Well, obviously we have a problem here, because in neither
OHG missa, mëssa nor
Latin missa
is the final -a stressed. The stress has been moved in the loan process.

> Also:
> http://tech.groups.yahoo.com/group/cybalist/message/47648
> 'In Balto-Slavic, two things happened that caused nom. and
> acc. stress to diverge. In the first place, a posttonic long
> vowel (lengthened grade, not two contracted vowels or a
> vowel + laryngeal) attracted the stress. Secondly, syllabic
> resonants developed into diphthongs R. > iR (uR).'
>
> which doesn't apply here, since it's *-a: < *-ax (*-ah2)
>

I had an idea.

I earlier came up with the idea that there once was a suffix *-aN which, because the instability of the nasal vowel, had alloforms *-a, *-am/-aN, *-o:, *-en/-in-, and that these alloforms were organised by orderly-minded native grammarians into two paradigms
1) the thematic feminine: nom. *-a, acc. *-am/-aN (by imitation of the thematic masculine), later extended with more cases
2) the n-stems: nom. *-o:, oblique stem *-en-/-in- (by imitation of the athematic stems)

This new idea says:
a) The suffix was originally an independent word, hence the resulting unverbation with it could be stressed either on that suffix or on the preceding word
b) alloform condition: when the suffix was stressed, it lost its nasalization.

http://tech.groups.yahoo.com/group/cybalist/message/47648
So
*ak^mó:, but *ák^men- "stone"
and
*galwá:, but *gálwaN "head"

with subsequent stress leveling, as the case may be.

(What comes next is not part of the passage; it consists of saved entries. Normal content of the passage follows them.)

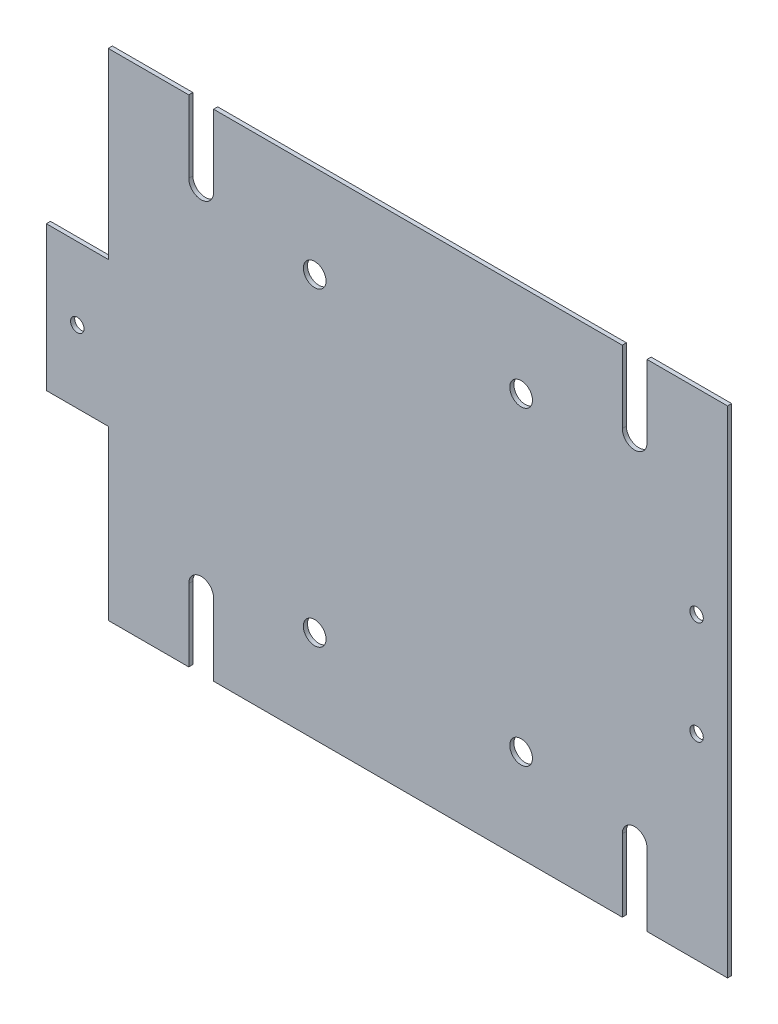
SolidWorks part; units mm, degrees
material "Galvanized Steel"
ref_plane "Front Plane" through (0, 0, 0) normal (0, 0, 1) x (1, 0, 0)
ref_plane "Top Plane" through (0, 0, 0) normal (0, 1, 0) x (1, 0, 0)
ref_plane "Right Plane" through (0, 0, 0) normal (1, 0, 0) x (0, 0, -1)
sketch "Sketch1" plane through (0, 0, 0) normal (0, 0, 1) x (1, 0, 0)
  line L1 (68.9488, 58.3662) -> (29.9488, 58.3662)
  line L2 (68.9488, 58.3662) -> (68.9488, -26.6338)
  line L3 (68.9488, -181.6338) -> (29.9488, -181.6338)
  line L4 (-231.0512, 58.3662) -> (-231.0512, -30.1799)
  line L7 (-231.0512, -30.1799) -> (-261.0512, -30.1799)
  line L8 (-261.0512, -30.1799) -> (-261.0512, -100.1799)
  line L9 (-261.0512, -100.1799) -> (-231.0512, -100.1799)
  line L10 (-231.0512, -100.1799) -> (-231.0512, -181.6338)
  line L11 (68.9488, -26.6338) -> (68.9488, -181.6338)
  line L12 (17.9488, -181.6338) -> (-180.0512, -181.6338)
  line L13 (-180.0512, 58.3662) -> (-180.0512, 23.3662)
  line L14 (-192.0512, 58.3662) -> (-192.0512, 23.3662)
  line L16 (-192.0512, -181.6338) -> (-192.0512, -146.6338)
  line L17 (-180.0512, -181.6338) -> (-180.0512, -146.6338)
  line L18 (-192.0512, -181.6338) -> (-231.0512, -181.6338)
  line L19 (29.9488, -146.6338) -> (29.9488, -181.6338)
  line L20 (17.9488, -146.6338) -> (17.9488, -181.6338)
  line L21 (-192.0512, 58.3662) -> (-231.0512, 58.3662)
  line L22 (29.9488, 58.3662) -> (29.9488, 23.3662)
  line L23 (17.9488, 58.3662) -> (17.9488, 23.3662)
  line L24 (17.9488, 58.3662) -> (-180.0512, 58.3662)
  circle A0 centre (-131.0512, 13.4862) radius 5.5
  arc A1 (-192.0512, 23.3662) -> (-180.0512, 23.3662) centre (-186.0512, 23.3662) ccw
  circle A2 centre (53.9488, -36.6338) radius 3.25
  arc A3 (-180.0512, -146.6338) -> (-192.0512, -146.6338) centre (-186.0512, -146.6338) ccw
  arc A4 (29.9488, -146.6338) -> (17.9488, -146.6338) centre (23.9488, -146.6338) ccw
  circle A5 centre (53.9488, -86.6338) radius 3.25
  circle A6 centre (-246.0512, -65.1799) radius 3.25
  arc A7 (17.9488, 23.3662) -> (29.9488, 23.3662) centre (23.9488, 23.3662) ccw
  circle A8 centre (-31.0512, -136.7538) radius 5.5
  circle A9 centre (-131.0512, -136.7538) radius 5.5
  circle A10 centre (-31.0512, 13.4862) radius 5.5
  point P14 (-186.0512, 50.7838)
  point P21 (-186.0512, -182.4408)
  point P26 (23.9488, -182.4408)
  point P33 (23.9488, 50.7838)
  dimension "D18" = 95
  dimension "D19" = 6.5
  dimension "D20" = 6.5
  dimension "D21" = 6.5
  dimension "D27" = 6.5
  dimension "D32" = 11
  dimension "D34" = 11
  dimension "D35" = 11
  dimension "D23" = 11
  dimension "D6" = 15
  dimension "D7" = 50
  dimension "D1" = 240
  dimension "D2" = 300
  dimension "D3" = 30
  dimension "D4" = 70
  dimension "D5" = 45
  dimension "D8" = 12
  dimension "D9" = 12
  dimension "D10" = 39
  dimension "D11" = 39
  dimension "D12" = 12
  dimension "D13" = 12
  dimension "D14" = 35
  dimension "D15" = 35
  dimension "D16" = 35
  dimension "D17" = 35
  dimension "D28" = 15
  dimension "D29" = 35
extrude "Boss-Extrude1" add sketch "Sketch1" along normal blind 2

At least one subdialect of Slavic had the confusion between nom. and acc. f. which I assume as the starting point:

Paul Wexler
Explorations in Judeo-Slavic Linguistics
p. 189
'Until detailed descriptions of Jewish-Slavic speech are produced for all the Slavic lands (see the definition of type 4 in section 2 above),201 it is safest to attribute grammatical errors in the Slavic component of these folklore materials to Yiddish substratal influence; an example would be the loss of case in the Slavic component (there is almost no case marking in Yiddish), as in Jew-Uk til`ko pravda skazaty 'only speak the truth' (for stUk pravdu acc sg),...'

Msza "mass" would then have been placed in that f. paradigm like this:
nom. mьšá
acc. méšaN

of which the latter violates Havlík's rule (by which jers to be dropped are counted from the last one), which I therefore assume to be the result of filtering (the 'wrong' forms out), so it was paradigm-regularized out.